# VB Befehle für Win CE MP277, Ping über Script



## sd1 (9 Mai 2011)

Hallo,

suche eine Liste über VB Befehle für Win CE. (MP277, WinCCflex)
Hab schon Tage damit verbracht. Bin aber nicht fündig geworden. 

1. Ist es möglich über ein script einen ping auszuführen (ob Datenserver erreichbar)?

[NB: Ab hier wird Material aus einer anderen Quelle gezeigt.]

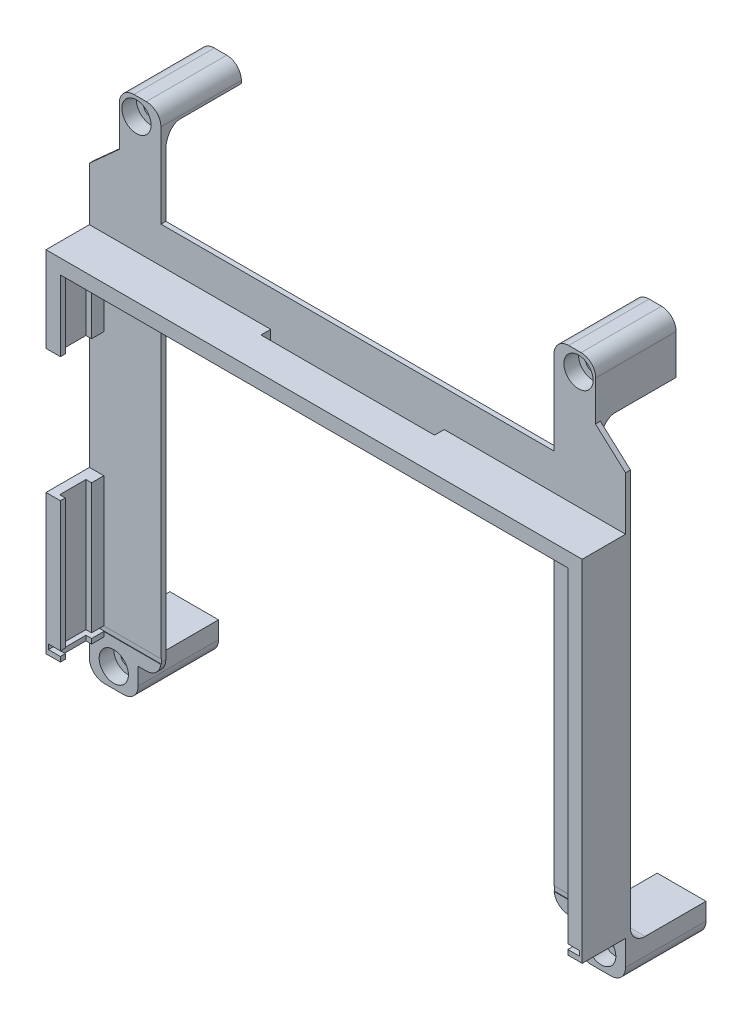
from build123d import *

# Parameters (mm, degrees)
SKETCH1_W             = 6.535180092
SKETCH1_H             = 10
SKETCH1_R             = 1.6
BOSS_EXTRUDE1_DEPTH   = 15.5
BOSS_EXTRUDE1_2_DEPTH = 15.5
BOSS_EXTRUDE1_3_DEPTH = 15.5
BOSS_EXTRUDE1_4_DEPTH = 15.5
SKETCH2_R             = 1.6
BOSS_EXTRUDE2_DEPTH   = 1
SKETCH3_W             = 2.95
SKETCH3_H             = 28.672472045
BOSS_EXTRUDE3_DEPTH   = 2.5
BOSS_EXTRUDE4_DEPTH   = 5.4
SKETCH5_W             = 2.95
SKETCH5_H             = 28.672472045
BOSS_EXTRUDE5_DEPTH   = 1
SKETCH7_W             = 109
SKETCH7_H             = 1
CUT_EXTRUDE1_DEPTH    = 9
FILLET1_R             = 3
FILLET2_R             = 3
SKETCH8_W             = 35.6
SKETCH8_H             = 2
CUT_EXTRUDE2_DEPTH    = 2
SKETCH9_R             = 3
CUT_EXTRUDE3_DEPTH    = 3


with BuildPart() as part:
    # Sketch1 → Boss-Extrude1 (new body)
    with BuildSketch(Plane(origin=(0, 0, 0), x_dir=(0, 1, 0), z_dir=(0, 0, 1))):
        with Locations((-50.739127193, -49.754164457)):
            Rectangle(SKETCH1_W, SKETCH1_H)
        with Locations(Location((-50.006717239, -49.754164457, 0), (0, 0, 270))):
            Circle(SKETCH1_R, mode=Mode.SUBTRACT)
    extrude(amount=BOSS_EXTRUDE1_DEPTH)



with BuildPart() as body_2:
    # Sketch1 → Boss-Extrude1 2 (new body)
    with BuildSketch(Plane(origin=(0, 0, 0), x_dir=(0, 1, 0), z_dir=(0, 0, 1))):
        Polygon((42.477965747, -48.576148962), (50.136732851, -40.077363358), (53.691226628, -40.077363358), (53.691226628, -48.640781304), align=None)
        with Locations(Location((49.993282761, -45.101777457, 0), (0, 0, 270))):
            Circle(SKETCH1_R, mode=Mode.SUBTRACT)
    extrude(amount=BOSS_EXTRUDE1_2_DEPTH)


with BuildPart() as body_3:
    # Sketch1 → Boss-Extrude1 3 (new body)
    with BuildSketch(Plane(origin=(0, 0, 0), x_dir=(0, 1, 0), z_dir=(0, 0, 1))):
        Polygon((53.691226628, 49.132452389), (42.477965747, 49.067820047), (50.136732851, 40.569034443), (53.691226628, 40.569034443), align=None)
        with Locations(Location((49.993282761, 45.593448542, 0), (0, 0, 90))):
            Circle(SKETCH1_R, mode=Mode.SUBTRACT)
    extrude(amount=BOSS_EXTRUDE1_3_DEPTH)


with BuildPart() as body_4:
    # Sketch1 → Boss-Extrude1 4 (new body)
    with BuildSketch(Plane(origin=(0, 0, 0), x_dir=(0, 1, 0), z_dir=(0, 0, 1))):
        with Locations((-50.739127193, 50.245835543)):
            Rectangle(SKETCH1_W, SKETCH1_H)
        with Locations(Location((-50.006717239, 50.245835543, 0), (0, 0, 90))):
            Circle(SKETCH1_R, mode=Mode.SUBTRACT)
    extrude(amount=BOSS_EXTRUDE1_4_DEPTH)


with BuildPart() as part_1:
    add(part.part)

    add(body_2.part)  # Boss-Extrude2 merges body 2

    add(body_3.part)  # Boss-Extrude2 merges body 3

    add(body_4.part)  # Boss-Extrude2 merges body 4
    # Sketch2 → Boss-Extrude2 (add)
    with BuildSketch(Plane.XY.offset(15.5)):
        Polygon((54.754164457, -47.471537147), (54.754164457, -54.006717239), (44.754164457, -54.006717239), (44.754164457, -47.471537147), (40.077363358, -47.471537147), (40.077363358, 20.986771333), (-40.569034443, 20.986771333), (-40.569034443, -47.471537147), (-45.245835543, -47.471537147), (-45.245835543, -54.006717239), (-55.245835543, -54.006717239), (-55.245835543, -47.471537147), (-55.245835543, 36.910584236), (-49.067820047, 42.477965747), (-49.132452389, 53.691226628), (-40.569034443, 53.691226628), (-40.569034443, 33.42328432), (40.077363358, 33.42328432), (40.077363358, 53.691226628), (48.640781304, 53.691226628), (48.576148962, 42.477965747), (54.754164457, 36.910584236), align=None)
        with Locations((49.754164457, -50.006717239)):
            Circle(SKETCH2_R, mode=Mode.SUBTRACT)
        with Locations((45.101777457, 49.993282761)):
            Circle(SKETCH2_R, mode=Mode.SUBTRACT)
        with Locations(Location((-45.593448542, 49.993282761, 0), (0, 0, 180))):
            Circle(SKETCH2_R, mode=Mode.SUBTRACT)
        with Locations(Location((-50.245835543, -50.006717239, 0), (0, 0, 180))):
            Circle(SKETCH2_R, mode=Mode.SUBTRACT)
    extrude(amount=BOSS_EXTRUDE2_DEPTH)

    # Sketch3 → Boss-Extrude3 (add)
    with BuildSketch(Plane.XY.offset(16.5)):
        Polygon((-52.295835543, 8.439904174), (-52.295835543, 22.986771333), (51.804164457, 22.986771333), (51.804164457, -45.813228667), (54.754164457, -45.813228667), (54.754164457, 25.986771333), (-55.245835543, 25.986771333), (-55.245835543, 8.439904174), align=None)
        with Locations((-53.770835543, -31.476992645)):
            Rectangle(SKETCH3_W, SKETCH3_H)
    extrude(amount=BOSS_EXTRUDE3_DEPTH)

    # Sketch4 → Boss-Extrude4 (add)
    with BuildSketch(Plane.XY.offset(19)):
        Polygon((-55.245835543, 25.986771333), (54.754164457, 25.986771333), (54.754164457, -45.813228667), (52.954164457, -45.813228667), (52.954164457, -43.913228667), (52.954164457, 24.086771333), (-53.445835543, 24.086771333), (-53.445835543, 8.439904174), (-55.245835543, 8.439904174), align=None)
        Polygon((-55.245835543, -45.813228667), (-53.445835543, -45.813228667), (-53.445835543, -43.913228667), (-53.445835543, -17.140756622), (-55.245835543, -17.140756622), align=None)
    extrude(amount=BOSS_EXTRUDE4_DEPTH)

    # Sketch5 → Boss-Extrude5 (add)
    with BuildSketch(Plane.XY.offset(24.4)):
        Polygon((-55.245835543, 8.439904174), (-52.295835543, 8.439904174), (-52.295835543, 22.986771333), (51.804164457, 22.986771333), (51.804164457, -45.813228667), (54.754164457, -45.813228667), (54.754164457, 25.986771333), (-55.245835543, 25.986771333), align=None)
        with Locations((-53.770835543, -31.476992645)):
            Rectangle(SKETCH5_W, SKETCH5_H)
    extrude(amount=BOSS_EXTRUDE5_DEPTH)

    # Sketch7 → Cut-Extrude1 (cut)
    with BuildSketch(Plane.XY.offset(25.4)):
        with Locations((-0.245835543, -44.313228667)):
            Rectangle(SKETCH7_W, SKETCH7_H)
    extrude(amount=-CUT_EXTRUDE1_DEPTH, mode=Mode.SUBTRACT)

    # Fillet1
    fillet1_edges = [part_1.edges().sort_by_distance(p)[0] for p in [
        (48.640781304, 53.691226628, 7.75),
        (-49.132452389, 53.691226628, 7.75),
        (-40.569034443, -47.471537147, 16),
        (-55.245835543, -54.006717239, 8.25),
        (-45.245835543, -54.006717239, 8.25),
        (40.077363358, -47.471537147, 16),
        (44.754164457, -54.006717239, 8.25),
        (54.754164457, -54.006717239, 8.25),
        (40.077363358, 53.691226628, 7.75),
        (-40.569034443, 53.691226628, 7.75),
    ]]
    fillet(fillet1_edges, radius=FILLET1_R)

    # Fillet2
    # the kernel refuses this fillet: 3 mm, written as the material it adds along each edge
    with BuildSketch(Plane(origin=(54.147639825, 37.457160078, 15.5), x_dir=(0, 0, -1), z_dir=(-0.7428654483971854, 0.6694407558385198, 0))) as fillet2_piece_1_section:
        with BuildLine():
            CenterArc((FILLET2_R, FILLET2_R), FILLET2_R, 180, 90)
            Line((0, FILLET2_R), (0, 0))
            Line((0, 0), (FILLET2_R, 0))
        make_face()
    fillet2_piece_1 = extrude(amount=26.440545017, mode=Mode.PRIVATE)
    fillet2_piece_1 = split(fillet2_piece_1, bisect_by=Plane(origin=(48.592895704, 45.383408694, 14.829727011), z_dir=(-0.9999833890252455, 0.005763824562264406, 0)), keep=Keep.TOP, mode=Mode.PRIVATE)
    fillet2_piece_1 = split(fillet2_piece_1, bisect_by=Plane(origin=(40.077363358, 45.408013282, 14.829727011), z_dir=(1, 0, 0)), keep=Keep.TOP, mode=Mode.PRIVATE)
    add(fillet2_piece_1)
    with BuildSketch(Plane(origin=(-54.63931091, 37.457160078, 15.5), x_dir=(0, 0, -1), z_dir=(0.7428654483971854, 0.6694407558385198, 0))) as fillet2_piece_2_section:
        with BuildLine():
            CenterArc((FILLET2_R, -FILLET2_R), FILLET2_R, 90, 90)
            Line((0, -FILLET2_R), (0, 0))
            Line((0, 0), (FILLET2_R, 0))
        make_face()
    fillet2_piece_2 = extrude(amount=26.440545017, mode=Mode.PRIVATE)
    fillet2_piece_2 = split(fillet2_piece_2, bisect_by=Plane(origin=(-40.569034443, 45.408013282, 14.829727011), z_dir=(-1, 0, 0)), keep=Keep.TOP, mode=Mode.PRIVATE)
    fillet2_piece_2 = split(fillet2_piece_2, bisect_by=Plane(origin=(-49.084566789, 45.383408694, 14.829727011), z_dir=(0.9999833890252455, 0.005763824562264406, 0)), keep=Keep.TOP, mode=Mode.PRIVATE)
    add(fillet2_piece_2)
    with BuildSketch(Plane(origin=(-45.245835543, -47.471537147, 15.5), x_dir=(0, 0, -1), z_dir=(-1, 0, 0)), Plane(origin=(44.754164457, -47.471537147, 15.5), x_dir=(0, 1, 0), z_dir=(1, 0, 0))) as fillet2_piece_3:
        with BuildLine():
            CenterArc((FILLET2_R, -FILLET2_R), FILLET2_R, 90, 90)
            Line((0, -FILLET2_R), (0, 0))
            Line((0, 0), (FILLET2_R, 0))
        make_face()
    extrude(amount=10)

    # Sketch8 → Cut-Extrude2 (cut)
    with BuildSketch(Plane(origin=(0, 25.986771333, 0), x_dir=(-1, 0, 0), z_dir=(0, 1, 0))):
        with Locations((0.245835543, 17.5)):
            Rectangle(SKETCH8_W, SKETCH8_H)
    extrude(amount=-CUT_EXTRUDE2_DEPTH, mode=Mode.SUBTRACT)

    # Sketch9 → Cut-Extrude3 (cut)
    with BuildSketch(Plane.XY.offset(16.5)):
        with Locations((-45.593448542, 49.993282761)):
            Circle(SKETCH9_R)
        with Locations((-50.245835543, -50.006717239)):
            Circle(SKETCH9_R)
        with Locations(Location((49.754164457, -50.006717239, 0), (0, 0, 64.455545536))):
            Circle(SKETCH9_R)
        with Locations(Location((45.101777457, 49.993282761, 0), (0, 0, 180))):
            Circle(SKETCH9_R)
    extrude(amount=-CUT_EXTRUDE3_DEPTH, mode=Mode.SUBTRACT)


solid = part_1.part

2. Will meine Rezeptdatensätze auf einem Server sichern, dies funktioniert soweit auch über Datensatzexport. Dieser muss aber manuell vom Bediener durchgeführt werden (Export Button)
    Kann dies auch automatisiert durchgeführt werden, wenn ein neuer Datensatz angelegt wird bzw. wenn ein Datensatz geändert wird?
    Gibt es eine Funktion die das überwacht oder ein Statuswort in dem das steht?

Danke schon mal
sd


----------



## PN/DP (10 Mai 2011)

sd1 schrieb:


> suche eine Liste über VB Befehle für Win CE. (MP277, WinCCflex)
> Hab schon Tage damit verbracht. Bin aber nicht fündig geworden.


Dann hast Du wohl an den falschen Stellen gesucht oder nicht die richtigen Suchbegriffe benutzt?
Wenn Du hier im Forum in die Abteilung FAQ schaust, dann findest Du gleich als drittes Thema dieses:
Protool/WinCCflex Daten lesen / schreiben mit VB-Script
Am Ende des ersten Beitrags ist eine VBScript_WinCE.pdf angehängt, die die für WinCE abweichenden Datei-Befehle erklärt.
Alle anderen VB-Befehle sind in der WinCCflex-Hilfe erklärt. Da gibt es auch ein VB-Sprachverzeichnis.



sd1 schrieb:


> 1. Ist es möglich über ein script einen ping auszuführen (ob Datenserver erreichbar)?


Im zweiten Beitrag der genannten FAQ findest Du eine Function FolderExist(Path), mit der man prüfen kann, ob ein Netzwerk-Pfad (freigegebener Ordner) erreichbar ist. Das Prüfen der Erreichbarkeit eines Netzwerkpfades kann aber mehrere Sekunden dauern.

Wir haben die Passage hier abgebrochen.